Hit The Turkey, If they Enter the Roadway.
You are devaluing your car / repair bills / higher insurance rates / time and bills for chiropractor visits from when you get hit from behind because you braked suddenly in a 65 MPH zone over a bird.
Brake for people, moose, deer, dogs, seals (it happens) things that can do real damage to you and your car.

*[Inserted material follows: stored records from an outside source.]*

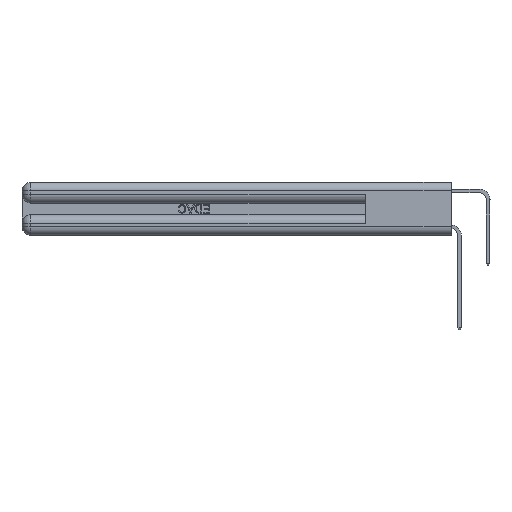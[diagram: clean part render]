
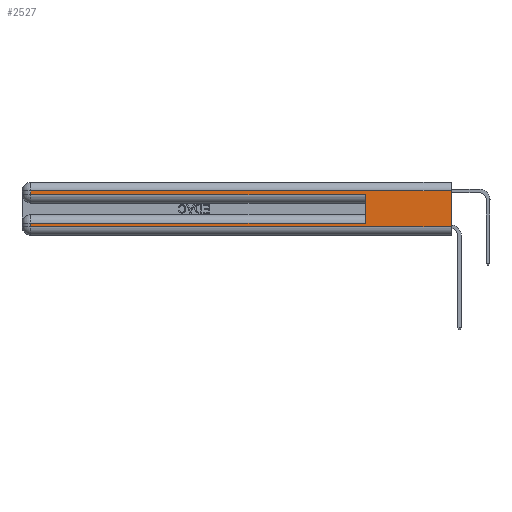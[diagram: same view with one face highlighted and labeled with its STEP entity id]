
A CAD part, left-side view. The second image highlights one B-rep face of the part: STEP entity #2527.
In plain terms, the highlighted planar face has unit normal (-1, 0, 0).
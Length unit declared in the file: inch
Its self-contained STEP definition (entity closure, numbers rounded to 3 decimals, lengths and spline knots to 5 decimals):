
#154 = EDGE_CURVE ( 'NONE', #4041, #10698, #16027, .T. ) ;
#704 = CARTESIAN_POINT ( 'NONE',  ( 0., 2.94, 0.285 ) ) ;
#1101 = VERTEX_POINT ( 'NONE', #704 ) ;
#2453 = CARTESIAN_POINT ( 'NONE',  ( 0., 2.94, 0.31 ) ) ;
#2527 = ADVANCED_FACE ( 'NONE', ( #7915 ), #19414, .F. ) ;
#2935 = LINE ( 'NONE', #28071, #17688 ) ;
#3172 = DIRECTION ( 'NONE',  ( 1., 0., 0. ) ) ;
#3303 = EDGE_CURVE ( 'NONE', #34609, #10698, #34565, .T. ) ;
#3352 = CARTESIAN_POINT ( 'NONE',  ( 0., 2.94, 0.37 ) ) ;
#3688 = DIRECTION ( 'NONE',  ( 0., -1., 0. ) ) ;
#4041 = VERTEX_POINT ( 'NONE', #21075 ) ;
#4178 = VECTOR ( 'NONE', #6224, 39.37008 ) ;
#4967 = EDGE_CURVE ( 'NONE', #1101, #30559, #9545, .T. ) ;
#5924 = EDGE_LOOP ( 'NONE', ( #27941, #6286, #13723, #6536, #29094, #6504, #32440, #7507 ) ) ;
#6140 = CARTESIAN_POINT ( 'NONE',  ( 0., 0., 0.06 ) ) ;
#6224 = DIRECTION ( 'NONE',  ( 0., 1., 0. ) ) ;
#6286 = ORIENTED_EDGE ( 'NONE', *, *, #21406, .T. ) ;
#6504 = ORIENTED_EDGE ( 'NONE', *, *, #22893, .T. ) ;
#6536 = ORIENTED_EDGE ( 'NONE', *, *, #4967, .T. ) ;
#7507 = ORIENTED_EDGE ( 'NONE', *, *, #154, .T. ) ;
#7915 = FACE_OUTER_BOUND ( 'NONE', #5924, .T. ) ;
#8454 = VERTEX_POINT ( 'NONE', #31703 ) ;
#9060 = DIRECTION ( 'NONE',  ( 0., 0., -1. ) ) ;
#9266 = EDGE_CURVE ( 'NONE', #8454, #4041, #31192, .T. ) ;
#9545 = LINE ( 'NONE', #31598, #23049 ) ;
#10371 = DIRECTION ( 'NONE',  ( 0., -1., 0. ) ) ;
#10698 = VERTEX_POINT ( 'NONE', #13176 ) ;
#11334 = LINE ( 'NONE', #16967, #4178 ) ;
#12151 = VECTOR ( 'NONE', #29830, 39.37008 ) ;
#12742 = EDGE_CURVE ( 'NONE', #31024, #1101, #12744, .T. ) ;
#12744 = LINE ( 'NONE', #28271, #33478 ) ;
#13176 = CARTESIAN_POINT ( 'NONE',  ( 0., 0., 0.06 ) ) ;
#13723 = ORIENTED_EDGE ( 'NONE', *, *, #12742, .T. ) ;
#14163 = CARTESIAN_POINT ( 'NONE',  ( 0., 0., 0.37 ) ) ;
#14406 = CARTESIAN_POINT ( 'NONE',  ( 0., 0.6, 0.085 ) ) ;
#15112 = LINE ( 'NONE', #16364, #12151 ) ;
#16027 = LINE ( 'NONE', #6140, #28687 ) ;
#16364 = CARTESIAN_POINT ( 'NONE',  ( 0., 0.6, 0.145 ) ) ;
#16967 = CARTESIAN_POINT ( 'NONE',  ( 0., 0., 0.085 ) ) ;
#17280 = VECTOR ( 'NONE', #33203, 39.37008 ) ;
#17688 = VECTOR ( 'NONE', #30661, 39.37008 ) ;
#18902 = VECTOR ( 'NONE', #32731, 39.37008 ) ;
#18922 = VERTEX_POINT ( 'NONE', #14406 ) ;
#19414 = PLANE ( 'NONE',  #22561 ) ;
#21075 = CARTESIAN_POINT ( 'NONE',  ( 0., 2.94, 0.06 ) ) ;
#21406 = EDGE_CURVE ( 'NONE', #34609, #31024, #2935, .T. ) ;
#21499 = CARTESIAN_POINT ( 'NONE',  ( 0., 0.6, 0.285 ) ) ;
#22175 = DIRECTION ( 'NONE',  ( 0., 0., -1. ) ) ;
#22561 = AXIS2_PLACEMENT_3D ( 'NONE', #27579, #3172, #22175 ) ;
#22682 = EDGE_CURVE ( 'NONE', #18922, #30559, #15112, .T. ) ;
#22893 = EDGE_CURVE ( 'NONE', #18922, #8454, #11334, .T. ) ;
#23049 = VECTOR ( 'NONE', #10371, 39.37008 ) ;
#27579 = CARTESIAN_POINT ( 'NONE',  ( 0., 0., 0.37 ) ) ;
#27941 = ORIENTED_EDGE ( 'NONE', *, *, #3303, .F. ) ;
#28071 = CARTESIAN_POINT ( 'NONE',  ( 0., 0., 0.31 ) ) ;
#28271 = CARTESIAN_POINT ( 'NONE',  ( 0., 2.94, 0.37 ) ) ;
#28687 = VECTOR ( 'NONE', #3688, 39.37008 ) ;
#29094 = ORIENTED_EDGE ( 'NONE', *, *, #22682, .F. ) ;
#29830 = DIRECTION ( 'NONE',  ( 0., 0., 1. ) ) ;
#30559 = VERTEX_POINT ( 'NONE', #21499 ) ;
#30661 = DIRECTION ( 'NONE',  ( 0., 1., 0. ) ) ;
#31024 = VERTEX_POINT ( 'NONE', #2453 ) ;
#31040 = CARTESIAN_POINT ( 'NONE',  ( 0., 0., 0.31 ) ) ;
#31192 = LINE ( 'NONE', #3352, #17280 ) ;
#31598 = CARTESIAN_POINT ( 'NONE',  ( 0., 0., 0.285 ) ) ;
#31703 = CARTESIAN_POINT ( 'NONE',  ( 0., 2.94, 0.085 ) ) ;
#32440 = ORIENTED_EDGE ( 'NONE', *, *, #9266, .T. ) ;
#32731 = DIRECTION ( 'NONE',  ( 0., 0., -1. ) ) ;
#33203 = DIRECTION ( 'NONE',  ( 0., 0., -1. ) ) ;
#33478 = VECTOR ( 'NONE', #9060, 39.37008 ) ;
#34565 = LINE ( 'NONE', #14163, #18902 ) ;
#34609 = VERTEX_POINT ( 'NONE', #31040 ) ;
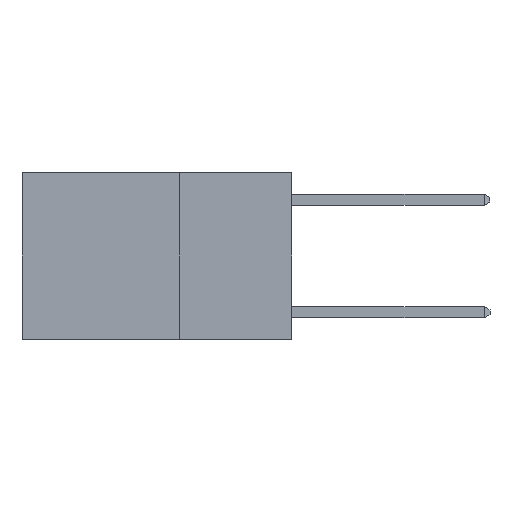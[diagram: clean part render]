
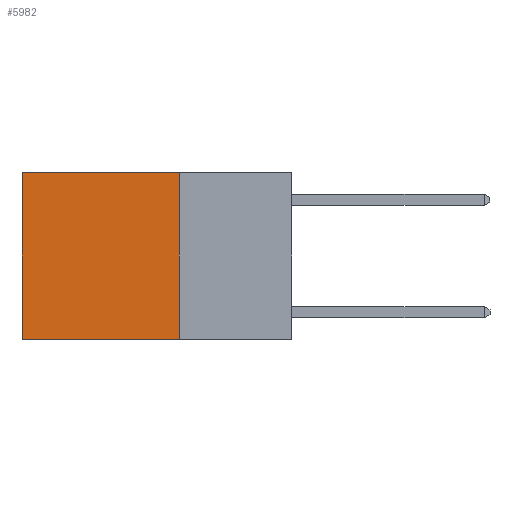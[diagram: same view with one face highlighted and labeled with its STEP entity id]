
A CAD part, left-side view. The second image highlights one B-rep face of the part: STEP entity #5982.
In plain terms, the highlighted planar face has unit normal (-1, 0, 0).
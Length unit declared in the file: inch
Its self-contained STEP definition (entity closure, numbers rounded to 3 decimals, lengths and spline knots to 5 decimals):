
#116 = CARTESIAN_POINT ( 'NONE',  ( 0.2625, 0.6, 0. ) ) ;
#305 = DIRECTION ( 'NONE',  ( 1., 0., 0. ) ) ;
#565 = DIRECTION ( 'NONE',  ( 0., 1., 0. ) ) ;
#712 = ORIENTED_EDGE ( 'NONE', *, *, #7512, .T. ) ;
#885 = LINE ( 'NONE', #116, #7023 ) ;
#1108 = CARTESIAN_POINT ( 'NONE',  ( 0.2625, 0.6, -0.37 ) ) ;
#1734 = DIRECTION ( 'NONE',  ( 0., 0., -1. ) ) ;
#1808 = FACE_OUTER_BOUND ( 'NONE', #4975, .T. ) ;
#1881 = VERTEX_POINT ( 'NONE', #8130 ) ;
#3097 = CARTESIAN_POINT ( 'NONE',  ( 0.2625, 0.25, 0. ) ) ;
#3206 = VECTOR ( 'NONE', #3919, 39.37008 ) ;
#3526 = CARTESIAN_POINT ( 'NONE',  ( 0.2625, 0.25, 0. ) ) ;
#3692 = LINE ( 'NONE', #4582, #7689 ) ;
#3919 = DIRECTION ( 'NONE',  ( 0., 1., 0. ) ) ;
#4335 = VECTOR ( 'NONE', #8252, 39.37008 ) ;
#4582 = CARTESIAN_POINT ( 'NONE',  ( 0.2625, 0.25, -0.37 ) ) ;
#4961 = CARTESIAN_POINT ( 'NONE',  ( 0.2625, 0.6, 0. ) ) ;
#4975 = EDGE_LOOP ( 'NONE', ( #7799, #9520, #9893, #712 ) ) ;
#5104 = PLANE ( 'NONE',  #8018 ) ;
#5881 = DIRECTION ( 'NONE',  ( 0., 0., -1. ) ) ;
#5982 = ADVANCED_FACE ( 'NONE', ( #1808 ), #5104, .F. ) ;
#6450 = VERTEX_POINT ( 'NONE', #4961 ) ;
#7023 = VECTOR ( 'NONE', #1734, 39.37008 ) ;
#7128 = EDGE_CURVE ( 'NONE', #1881, #10142, #7207, .T. ) ;
#7207 = LINE ( 'NONE', #8294, #4335 ) ;
#7457 = LINE ( 'NONE', #3097, #3206 ) ;
#7512 = EDGE_CURVE ( 'NONE', #1881, #6450, #7457, .T. ) ;
#7689 = VECTOR ( 'NONE', #565, 39.37008 ) ;
#7799 = ORIENTED_EDGE ( 'NONE', *, *, #10231, .T. ) ;
#8018 = AXIS2_PLACEMENT_3D ( 'NONE', #3526, #305, #5881 ) ;
#8130 = CARTESIAN_POINT ( 'NONE',  ( 0.2625, 0.25, 0. ) ) ;
#8252 = DIRECTION ( 'NONE',  ( 0., 0., -1. ) ) ;
#8294 = CARTESIAN_POINT ( 'NONE',  ( 0.2625, 0.25, 0. ) ) ;
#8531 = VERTEX_POINT ( 'NONE', #1108 ) ;
#8885 = CARTESIAN_POINT ( 'NONE',  ( 0.2625, 0.25, -0.37 ) ) ;
#9520 = ORIENTED_EDGE ( 'NONE', *, *, #9940, .F. ) ;
#9893 = ORIENTED_EDGE ( 'NONE', *, *, #7128, .F. ) ;
#9940 = EDGE_CURVE ( 'NONE', #10142, #8531, #3692, .T. ) ;
#10142 = VERTEX_POINT ( 'NONE', #8885 ) ;
#10231 = EDGE_CURVE ( 'NONE', #6450, #8531, #885, .T. ) ;
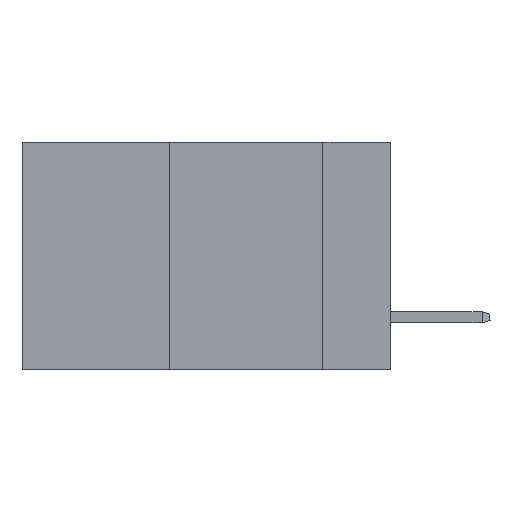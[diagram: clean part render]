
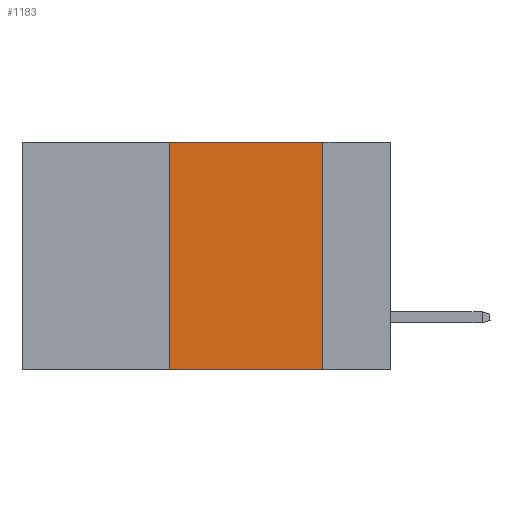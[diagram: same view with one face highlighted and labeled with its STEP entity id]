
A CAD part, left-side view. The second image highlights one B-rep face of the part: STEP entity #1183.
In plain terms, the highlighted planar face has unit normal (-1, 0, 0).
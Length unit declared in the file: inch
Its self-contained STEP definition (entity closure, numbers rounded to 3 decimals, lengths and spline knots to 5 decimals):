
#319 = CARTESIAN_POINT ( 'NONE',  ( 0., 0.6, -0.37 ) ) ;
#547 = ORIENTED_EDGE ( 'NONE', *, *, #5428, .T. ) ;
#662 = EDGE_CURVE ( 'NONE', #9198, #11286, #5079, .T. ) ;
#965 = DIRECTION ( 'NONE',  ( 1., 0., 0. ) ) ;
#1183 = ADVANCED_FACE ( 'NONE', ( #16368 ), #10925, .F. ) ;
#2246 = CARTESIAN_POINT ( 'NONE',  ( 0., 0.6, 0. ) ) ;
#2848 = CARTESIAN_POINT ( 'NONE',  ( 0., 0.36, 0. ) ) ;
#3399 = DIRECTION ( 'NONE',  ( 0., -1., 0. ) ) ;
#3955 = LINE ( 'NONE', #319, #10750 ) ;
#4105 = ORIENTED_EDGE ( 'NONE', *, *, #13967, .F. ) ;
#4391 = LINE ( 'NONE', #12532, #7315 ) ;
#5079 = LINE ( 'NONE', #9234, #10933 ) ;
#5428 = EDGE_CURVE ( 'NONE', #7797, #17902, #3955, .T. ) ;
#5777 = EDGE_CURVE ( 'NONE', #11286, #17902, #4391, .T. ) ;
#7315 = VECTOR ( 'NONE', #15461, 39.37008 ) ;
#7603 = CARTESIAN_POINT ( 'NONE',  ( 0., 0.11, 0. ) ) ;
#7797 = VERTEX_POINT ( 'NONE', #18544 ) ;
#8872 = VECTOR ( 'NONE', #15644, 39.37008 ) ;
#8873 = DIRECTION ( 'NONE',  ( 0., -1., 0. ) ) ;
#9198 = VERTEX_POINT ( 'NONE', #11397 ) ;
#9234 = CARTESIAN_POINT ( 'NONE',  ( 0., 0.6, 0. ) ) ;
#10750 = VECTOR ( 'NONE', #8873, 39.37008 ) ;
#10925 = PLANE ( 'NONE',  #11877 ) ;
#10933 = VECTOR ( 'NONE', #3399, 39.37008 ) ;
#11143 = EDGE_LOOP ( 'NONE', ( #16598, #14176, #4105, #547 ) ) ;
#11286 = VERTEX_POINT ( 'NONE', #7603 ) ;
#11397 = CARTESIAN_POINT ( 'NONE',  ( 0., 0.36, 0. ) ) ;
#11877 = AXIS2_PLACEMENT_3D ( 'NONE', #2246, #965, #18367 ) ;
#12532 = CARTESIAN_POINT ( 'NONE',  ( 0., 0.11, 0. ) ) ;
#12695 = LINE ( 'NONE', #2848, #8872 ) ;
#13967 = EDGE_CURVE ( 'NONE', #7797, #9198, #12695, .T. ) ;
#14176 = ORIENTED_EDGE ( 'NONE', *, *, #662, .F. ) ;
#15461 = DIRECTION ( 'NONE',  ( 0., 0., -1. ) ) ;
#15644 = DIRECTION ( 'NONE',  ( 0., 0., 1. ) ) ;
#16368 = FACE_OUTER_BOUND ( 'NONE', #11143, .T. ) ;
#16598 = ORIENTED_EDGE ( 'NONE', *, *, #5777, .F. ) ;
#17802 = CARTESIAN_POINT ( 'NONE',  ( 0., 0.11, -0.37 ) ) ;
#17902 = VERTEX_POINT ( 'NONE', #17802 ) ;
#18367 = DIRECTION ( 'NONE',  ( 0., 0., -1. ) ) ;
#18544 = CARTESIAN_POINT ( 'NONE',  ( 0., 0.36, -0.37 ) ) ;

Turkeys? Meh. Would you slow down for rats, pigeons, or squirrels?
No damage from a turkey
No damage from a turkey
Thanks John
for proving why you don't take advice from idiots on the internet. A turkey can cause significant damage, especially when you're driving over 65 and it flies into your windshield / front end.
said another idiot on the
said another idiot on the internet
Yeah, ok bro
At least I'm smart enough to know there's a difference between hitting a 20-30 pound turkey and a pigeon or squirrel.
ok
i would rather hit a 20 lb turkey than be rear ended by a 2500 lb car
which is what the other guy was saying
'bro'
We recommend unconditional
We recommend unconditional surrender.
Somebody throw him a beach
Somebody throw him a beach ball.
Poor guy's been in a funk since
Heidi Klum left him.
Living the dream!
Living the dream!
Adorable!
He's fine
He just got the itis after eating too many herring.
seals
Something really needs to be done about the seals they are getting out of control. And if you go anywhere around Chatham or the cape beaches and there are hundreds of thousands of them if not millions and the only Predator to them are great whites which have been inhabited our beaches more more frequent now. But seals can destroy an ecosystem of fish they eat thousands of pounds of fish yearly each.
Shark Tracker app
You can keep an eye on Cape Cod sharks etc. with the OCearch shark tracker website or app (which I learned about on a Chatham seal watch cruise). Indeed, more seals = sharks. You can also apparently get a nasty bacterial infection if you pet a seal, so maybe don't give them too many hugs.